Chatbots statt Hotlines, Algorithmen statt Kundenberater: Wer als Konsument oder Konsumentin heute eine Leistung in Anspruch nimmt, spricht nicht selten zuerst mit einer künstlichen Intelligenz. Die klopft ab, was man sich wünscht: eine Bestellung, eine Reklamation, eine Änderung der Daten? Die nach aussen getragene Idee ist, dass die KI möglichst viel eigenständig erledigt und die Kundschaft zufriedenstellt. Die nach innen korrekte Idee ist, dass Firmen dank dem Einsatz von KI effizienter arbeiten, Kosten senken und Stellenprozente einsparen.
Denn laut einer Umfrage des Personaldienstleisters Adecco sparen Schweizer Arbeitnehmende mit dem Einsatz von KI durchschnittlich 51 Minuten pro Tag. Das ist eine Steilpassvorlage für Firmenlenker, die Arbeit ihrer Belegschaft zu überprüfen. Sparen sie mit dem Einsatz von KI Arbeitszeit, bedingt das weniger Angestellte, was wiederum auf die Bilanz einzahlt. So weit, so gut. Nur: Die interne Ersparnis geht zulasten der Qualität. Nicht selten landet man als Konsument in einer Dauerschleife automatisch generierter Antworten, bis nach dem Verlust vieler Nerven endlich die erlösende Antwort folgt: Sie werden mit einer realen Person verbunden.
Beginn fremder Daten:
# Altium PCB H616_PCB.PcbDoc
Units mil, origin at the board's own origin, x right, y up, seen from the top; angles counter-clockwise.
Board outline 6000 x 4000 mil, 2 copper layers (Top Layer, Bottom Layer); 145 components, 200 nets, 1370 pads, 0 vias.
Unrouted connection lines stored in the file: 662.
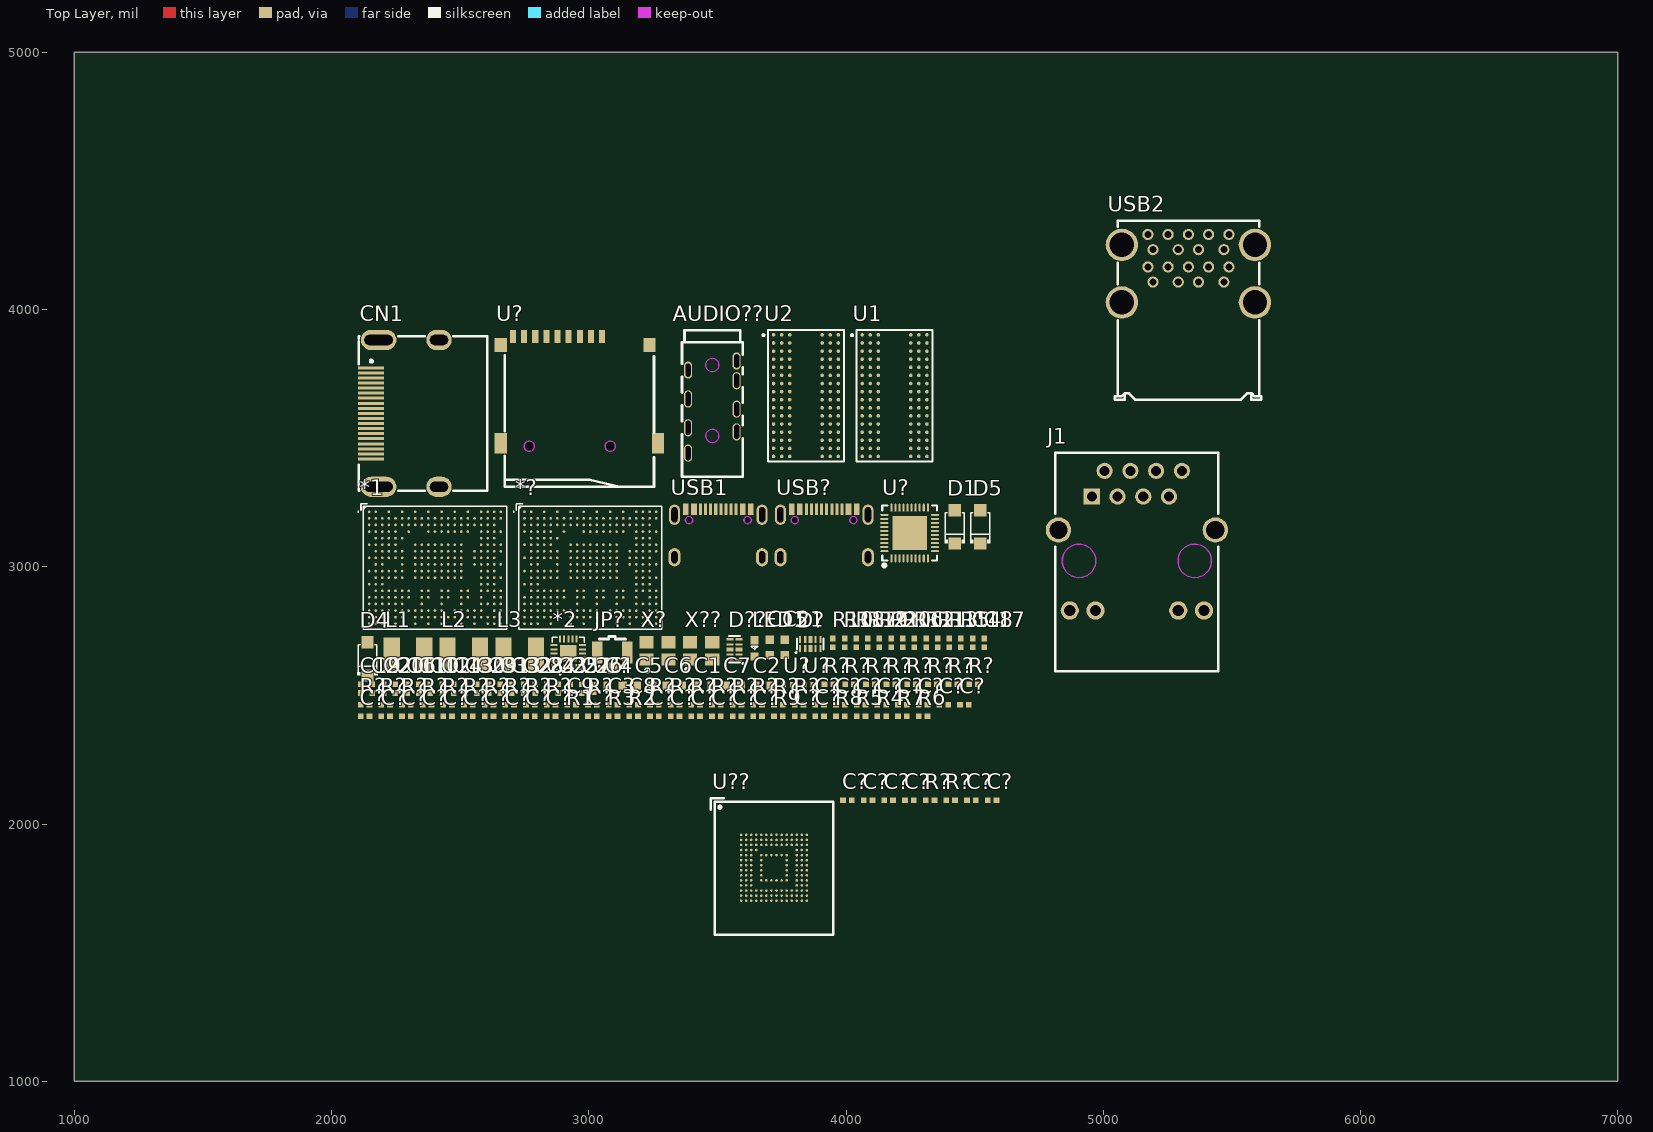
[diagram p0: Top Layer view]
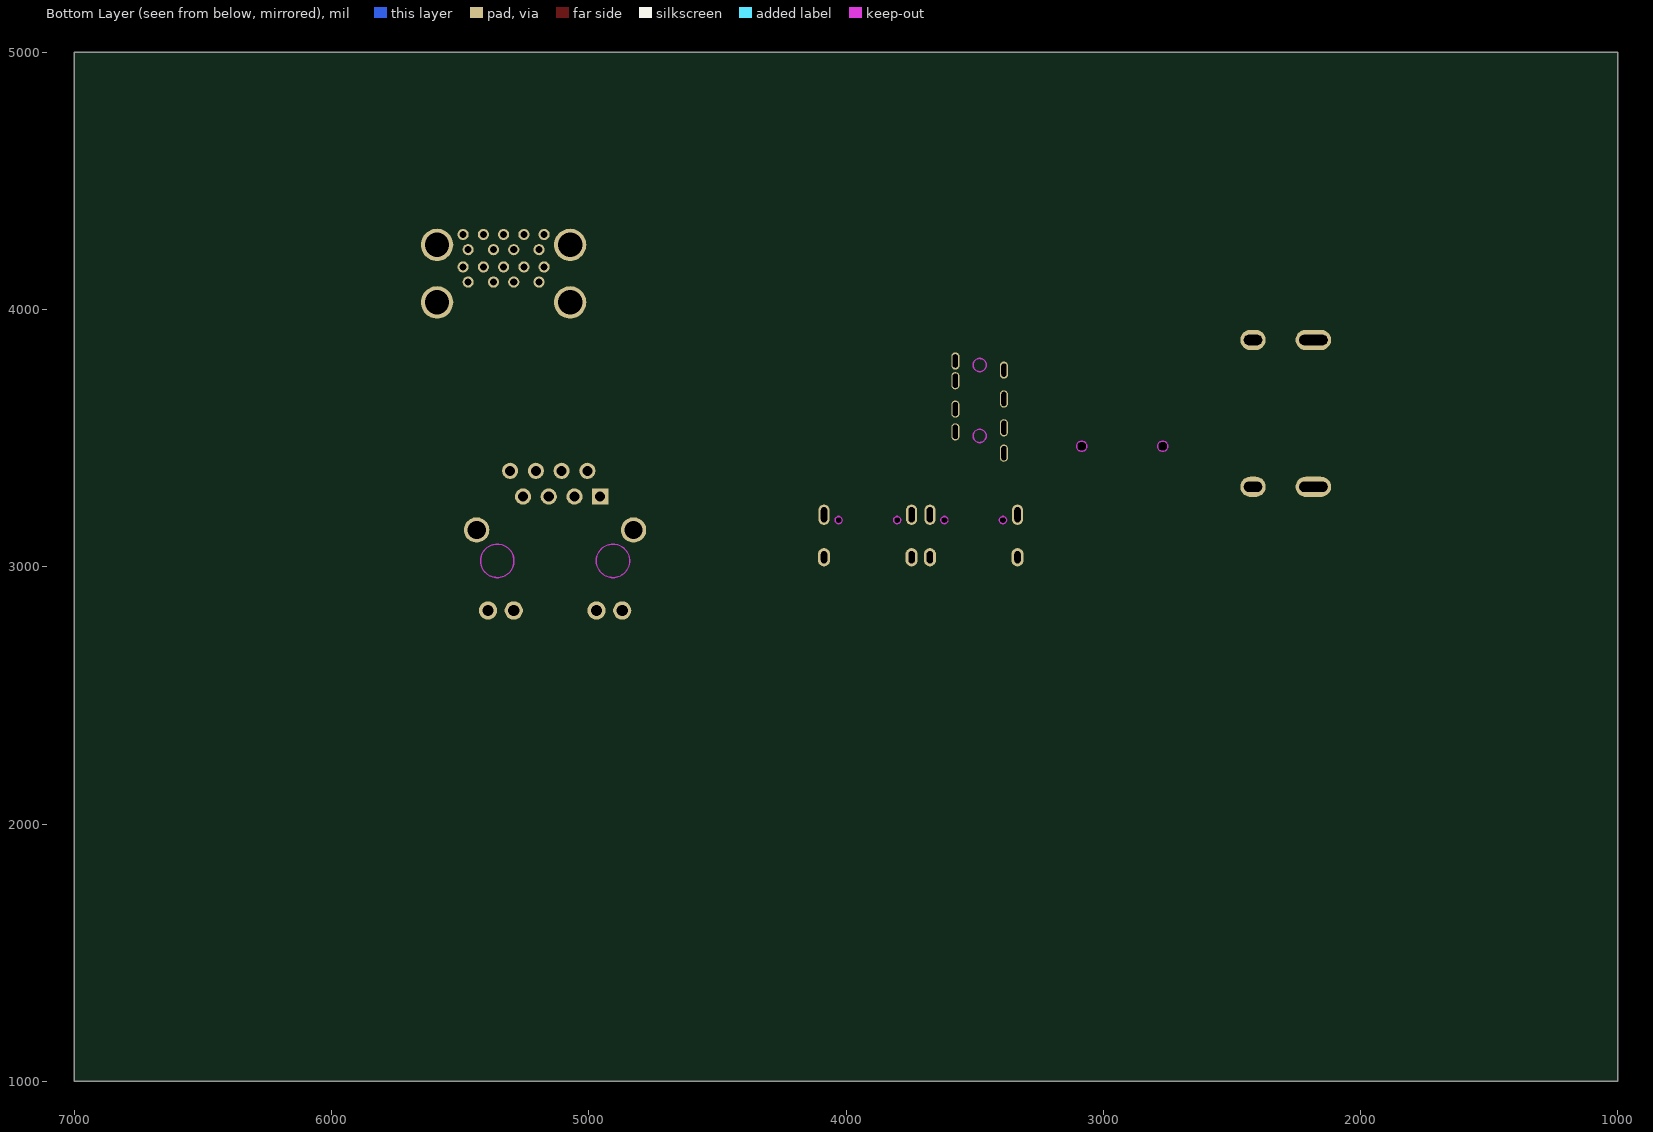
[diagram p1: Bottom Layer view, seen from below]

## Layer stack, top to bottom
Top Solder: solder mask 0.4, Solder Resist, Dk 3.5
Top Layer: signal copper 1.4
Dielectric 1: dielectric 12.6, FR-4, Dk 4.8
Bottom Layer: signal copper 1.4
Bottom Solder: solder mask 0.4, Solder Resist, Dk 3.5

## Board outline
1000,1000 7000,1000 7000,5000 1000,5000

## Design rules (kind name [scope] priority, off if disabled: settings)
Clearance [All] p1: gap=10 ignorepadtopadclearanceinfootprint=FALSE
PolygonConnect [All] p1: connectstyle=Relief reliefconductorwidth=10 reliefentries=4 polygonreliefangle="90 Angle" airgapwidth=10
RoutingVias [All] p1: holewidth=28 width=50 viastyle="Through Hole" minholewidth=28 minwidth=50 maxholewidth=28 maxwidth=50
SolderMaskExpansion [All] p1: expansion=4 istentingtop=FALSE
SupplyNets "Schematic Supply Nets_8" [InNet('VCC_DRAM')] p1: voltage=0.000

Diese erlösende Verbindung zu einem Menschen, die erst wieder wahre Kundenorientierung verspricht, rückt aktuell in weite Ferne. Mit der «Agentic AI» rollt bereits die nächste KI-Welle an. Die KI-Agenten sollen noch viel autonomer im Hintergrund arbeiten, eigenständig Entscheidungen treffen und Prozesse automatisieren. Ein Traum für Backend-Entwickler – ein Albtraum für die Kundschaft. Denn auf der Reise zur KI-Automatisierung bleiben benutzerfreundliche Schnittstellen, die eigentlich wichtiger wären, auf der Strecke: bessere Apps, durchdachte Benutzeroberflächen oder optimierte Prozesse, die Kundenanfragen von vornherein minimieren.
Klar: Gute Chatbots können eine sinnvolle Ergänzung zu überlasteten Telefonhotlines sein – aber nur, wenn sie intelligent gestaltet sind und echten Mehrwert bieten. Davon sind wir heute noch weit entfernt. Statt einer Revolution erlebt man als Konsument KI hauptsächlich in Form mangelhafter Chatbots und überflüssiger Smartphone-Features.
Diese Entwicklung schädigt die Kundenbeziehung mehr, als dass sie nutzt. Wer nun also voller Elan auf Agentic AI aufspringt und bereits mit dem nächsten Trend mitschwimmen will, sollte die Euphorie besser noch einen Moment bremsen. Denn Technologie muss zuerst einen echten Nutzen für Konsumenten bringen, ansonsten springt die Kundschaft ab. Und dann hat jede KI ausgedient.